Examine the entries and show every line in which the word "units" is found.
────────
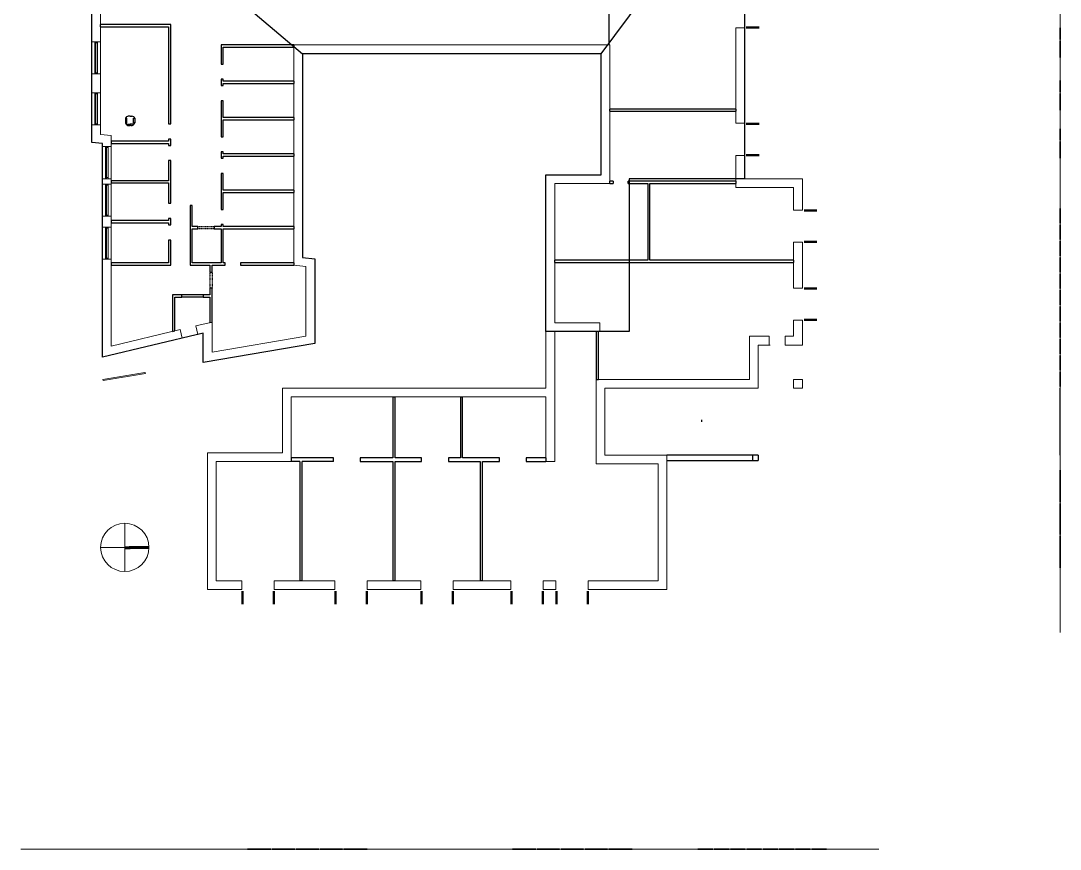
# Model space of a CAD drawing. Header units: inches. Extents: x -3048 to 2593, y -3508 to 2302.
# Drawn here: x -1662 to 660, y -487 to 1364 of the extents above; entities that cross this region are included whole.
import ezdxf

# ---------------------------------------------------------------- set-up
doc = ezdxf.new("R2010")
doc.units = ezdxf.units.IN
doc.header["$MEASUREMENT"] = 0
doc.linetypes.add('Dash 1_16_', pattern=[0.125, 0.0625, -0.0625])
doc.linetypes.add('Overhead', pattern=[0.15625, 0.09375, -0.0625])
for name, color, linetype, lineweight in [('A-AREA', 32, 'Continuous', 30), ('A-DOOR', 31, 'Continuous', 30), ('A-DOOR-GLAZ', 31, 'Continuous', 50), ('A-FLOR', 140, 'Continuous', 30), ('A-FLOR-HRAL', 11, 'Continuous', 9), ('A-GENM', 13, 'Continuous', 30), ('A-GLAZ', 151, 'Continuous', 30), ('A-ROOF', 132, 'Continuous', 13), ('A-WALL', 113, 'Continuous', 13), ('C-NORTH', 7, 'Continuous', 13), ('C-TOPO', 7, 'Dash 1_16_', 9), ('I-FURN', 30, 'Continuous', 30), ('I-WALL', 2, 'Continuous', 30), ('L-SITE-WALL', 31, 'Continuous', 30), ('S-STRS-MBND', 31, 'Continuous', 30)]:
    doc.layers.add(name, color=color, linetype=linetype, lineweight=lineweight)
doc.layers.get('A-DOOR').off()

# ---------------------------------------------------------------- blocks, each defined once
blk = doc.blocks.new('Opening-Arched - 36_ x 84_-103394-Level 1 New')
at = {"layer": 'A-GENM', "linetype": 'Overhead'}
for p, q in [((-18.3, 2.4), (17.7, 2.4)), ((-18.3, -2.4), (17.7, -2.4))]:
    blk.add_line(p, q, dxfattribs=at)
blk = doc.blocks.new('Double-Glass 1 - 72_ x 84_-106700-Level 1 New')
at = {"layer": 'A-DOOR-GLAZ'}
for p, q in [((-35, 42.6), (-35, 13.8)), ((35, 13.8), (35, 42.6))]:
    blk.add_line(p, q, dxfattribs=at)
blk = doc.blocks.new('Golden Proportion - Wood 6_w-135343-Level 1 New')
at = {"layer": 'A-GLAZ', "lineweight": 20}
for p, q in [((-34.8, 3), (-36, 3)), ((-34.8, 1), (-34.8, 3)), ((-32.8, 2.5), (-34.8, 2.5)), ((-34.8, 2.5), (-34.8, 1)), ((-34.8, 1), (-32.8, 1)), ((-33.5, 1), (-34.8, 1)), ((-33.5, -3), (-33.5, 1)), ((-32.8, 1), (-32.8, 2.5)), ((-7.5, 2.5), (-9.5, 2.5)), ((-9.5, 2.5), (-9.5, 1)), ((-9.5, 1), (-7.5, 1)), ((-7.5, 1), (-7.5, 2.5)), ((34.7, 2.5), (32.7, 2.5)), ((32.7, 2.5), (32.7, 1)), ((32.7, 1), (34.7, 1)), ((34.7, 1), (33.5, 1)), ((33.5, 1), (33.5, -3)), ((34.7, 3), (34.7, 1)), ((36, 3), (34.7, 3)), ((34.7, 1), (34.7, 2.5)), ((-36, -3), (-33.5, -3)), ((33.5, -3), (36, -3))]:
    blk.add_line(p, q, dxfattribs=at)
at = {"layer": 'A-GLAZ', "lineweight": 9}
for p, q in [((34.7, 3), (-34.8, 3)), ((-32.8, 2.5), (-9.5, 2.5)), ((-9.5, 1), (-32.8, 1)), ((-7.5, 2.5), (32.7, 2.5)), ((32.7, 1), (-7.5, 1)), ((-33.5, -3), (33.5, -3))]:
    blk.add_line(p, q, dxfattribs=at)
at = {"layer": 'A-GLAZ', "lineweight": 30}
for p, q in [((-9.5, 2), (-32.8, 2)), ((-32.8, 2), (-32.8, 1.5)), ((-32.8, 1.5), (-9.5, 1.5)), ((-9.5, 1.5), (-9.5, 2)), ((32.7, 2), (-7.5, 2)), ((-7.5, 2), (-7.5, 1.5)), ((-7.5, 1.5), (32.7, 1.5)), ((32.7, 1.5), (32.7, 2))]:
    blk.add_line(p, q, dxfattribs=at)
blk = doc.blocks.new('OfficeChair - OfficeChair-132399-Level 1 New')
at = {"layer": 'I-FURN', "color": 50}
for p, q in [((-10.6, -5.7), (-10.6, 4.3)), ((-10.6, 4.3), (-7.5, 4.3)), ((-9, 7.3), (0, 7.3)), ((-7.5, 4.3), (-7.5, -5.9)), ((-2, 10.6), (0, 10.6)), ((2, 10.6), (0, 10.6)), ((9, 7.3), (0, 7.3)), ((10.6, 4.3), (7.5, 4.3)), ((7.5, 4.3), (7.5, -5.9)), ((10.6, -5.7), (10.6, 4.3)), ((-7.5, -5.9), (-10.6, -5.9)), ((0, -10.4), (-4, -10.4)), ((0, -10.4), (4, -10.4)), ((7.5, -5.9), (10.6, -5.9))]:
    blk.add_line(p, q, dxfattribs=at)
for centre, radius, start, end in [((-2, 1.6), 9, 90, 162.9101), ((2, 1.6), 9, 17.0899, 90), ((-4, -3.4), 7, 199.3988, 270), ((4, -3.4), 7, 270, 340.6012)]:
    blk.add_arc(centre, radius, start, end, dxfattribs=at)
blk = doc.blocks.new('Opening-Arched - 48_ x 84_-104209-Level 1 New')
at = {"layer": 'A-GENM', "color": 50, "lineweight": 30}
for p, q in [((-24.3, 2.4), (23.7, 2.4)), ((-24.3, -2.4), (23.7, -2.4))]:
    blk.add_line(p, q, dxfattribs=at)

msp = doc.modelspace()

# ---------------------------------------------------------------- linework, layer by layer
at = {"layer": 'A-AREA'}
for p, q in [((-1539.1, 1719.2), (-1032.3, 1290.7)), ((-365.8, 1290.7), (-45.2, 1719.2)), ((-348.7, 1438.2), (-348.7, 1310.2))]:
    msp.add_line(p, q, dxfattribs=at)
msp.add_lwpolyline([(-1503.1, 1441.1), (-1539.1, 1444.3), (-1539.1, 1719.2), (-45.2, 1719.2), (-45.2, 1011.1), (-302.8, 1011.1), (-302.8, 669.6), (-488.8, 669.6), (-488.8, 1020.2), (-365.8, 1020.2), (-365.8, 1290.7), (-1032.3, 1290.7), (-1032.3, 835.5), (-1005.3, 832.5), (-1005.3, 643), (-1254.1, 600.5), (-1254.1, 666.3), (-1479.1, 612.3), (-1479.1, 1090.3), (-1503.1, 1092.4)], close=True, dxfattribs=at)
at = {"layer": 'A-FLOR', "extrusion": (1, 0, -1.83697e-16)}
for p, q in [((659.8, 393.5, 113.3), (659.8, 543.5, 113.3)), ((659.8, 393.5, 106.7), (659.8, 543.5, 106.7)), ((659.8, 393.5, 100.1), (659.8, 543.5, 100.1)), ((659.8, 393.5, 93.4), (659.8, 543.5, 93.4)), ((659.8, 393.5, 86.8), (659.8, 543.5, 86.8)), ((659.8, 393.5, 80.2), (659.8, 543.5, 80.2)), ((659.8, 393.5, 73.6), (659.8, 543.5, 73.6)), ((659.8, 393.5, 67), (659.8, 543.5, 67)), ((659.8, 393.5, 60.4), (659.8, 543.5, 60.4)), ((659.8, 393.5, 53.8), (659.8, 543.5, 53.8)), ((659.8, 393.5, 47.1), (659.8, 543.5, 47.1)), ((659.8, 393.5, 40.5), (659.8, 543.5, 40.5)), ((659.8, 393.5, 33.9), (659.8, 543.5, 33.9)), ((659.8, 393.5, 27.3), (659.8, 543.5, 27.3)), ((659.8, 393.5, 20.7), (659.8, 543.5, 20.7)), ((659.8, 393.5, 13.1), (659.8, 543.5, 13.1)), ((659.8, 393.5, 6.5), (659.8, 543.5, 6.5)), ((659.8, 393.5, 121), (659.8, 543.5, 121))]:
    msp.add_line(p, q, dxfattribs=at)
at = {"layer": 'A-FLOR-HRAL'}
for p, q in [((-1478.2, 562.2), (-1384.8, 578.1)), ((-1478.2, 562.2), (-1477.8, 560.2)), ((-1477.8, 560.2), (-1383.2, 576.3)), ((-1384.8, 578.1), (-1383.2, 576.3))]:
    msp.add_line(p, q, dxfattribs=at)
at = {"layer": 'A-GLAZ', "extrusion": (1, 0, -1.83697e-16), "elevation": 659.8}
for points in [[(1322.6, 157.7), (1348.6, 157.7), (1348.6, 196.3), (1322.6, 196.3)], [(1282.5, 157.7), (1319.6, 157.7), (1319.6, 196.3), (1282.5, 196.3)], [(1204.6, 157.7), (1230.6, 157.7), (1230.6, 196.3), (1204.6, 196.3)], [(1164.5, 157.7), (1201.6, 157.7), (1201.6, 196.3), (1164.5, 196.3)], [(1097.1, 157.7), (1123.1, 157.7), (1123.1, 196.3), (1097.1, 196.3)], [(1057, 157.7), (1094.1, 157.7), (1094.1, 196.3), (1057, 196.3)], [(911.7, 289.9), (944.8, 289.9), (944.8, 307.4), (911.7, 307.4)], [(875.2, 289.9), (908.3, 289.9), (908.3, 307.4), (875.2, 307.4)], [(838.7, 289.9), (871.8, 289.9), (871.8, 307.4), (838.7, 307.4)], [(802.3, 289.9), (835.3, 289.9), (835.3, 307.4), (802.3, 307.4)], [(765.8, 289.9), (798.9, 289.9), (798.9, 307.4), (765.8, 307.4)], [(729.3, 289.9), (762.4, 289.9), (762.4, 307.4), (729.3, 307.4)], [(692.8, 289.9), (725.9, 289.9), (725.9, 307.4), (692.8, 307.4)], [(656.3, 289.9), (689.4, 289.9), (689.4, 307.4), (656.3, 307.4)], [(619.9, 289.9), (652.9, 289.9), (652.9, 307.4), (619.9, 307.4)], [(583.4, 289.9), (616.5, 289.9), (616.5, 307.4), (583.4, 307.4)], [(546.9, 289.9), (580, 289.9), (580, 307.4), (546.9, 307.4)], [(288.8, 158.9), (360.2, 158.9), (360.2, 206.1), (288.8, 224)], [(216, 158.9), (285.8, 158.9), (285.8, 224.9), (216, 242.3)], [(141.6, 158.9), (213, 158.9), (213, 243), (141.6, 260.9)]]:
    msp.add_lwpolyline(points, close=True, dxfattribs=at)
at = {"layer": 'A-GLAZ', "extrusion": (0, -1, 6.12323e-17), "elevation": 487.1}
for points in [[(-1155.1, 123.1), (-1103.3, 123.1), (-1103.3, 214.2), (-1155.1, 214.2)], [(-1100.3, 123.1), (-1050, 123.1), (-1050, 214.2), (-1100.3, 214.2)], [(-1047, 123.1), (-996.4, 123.1), (-996.4, 214.2), (-1047, 214.2)], [(-993.4, 123.1), (-943.1, 123.1), (-943.1, 214.2), (-993.4, 214.2)], [(-940.1, 123.1), (-888.3, 123.1), (-888.3, 214.2), (-940.1, 214.2)], [(-563.4, 123.1), (-511.5, 123.1), (-511.5, 214.2), (-563.4, 214.2)], [(-508.5, 123.1), (-458.2, 123.1), (-458.2, 214.2), (-508.5, 214.2)], [(-455.2, 123.1), (-404.6, 123.1), (-404.6, 214.2), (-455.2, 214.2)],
────────
**Task output:**
# Model space of a CAD drawing. Header units: inches. Extents: x -3048 to 2593, y -3508 to 2302.
doc.units = ezdxf.units.IN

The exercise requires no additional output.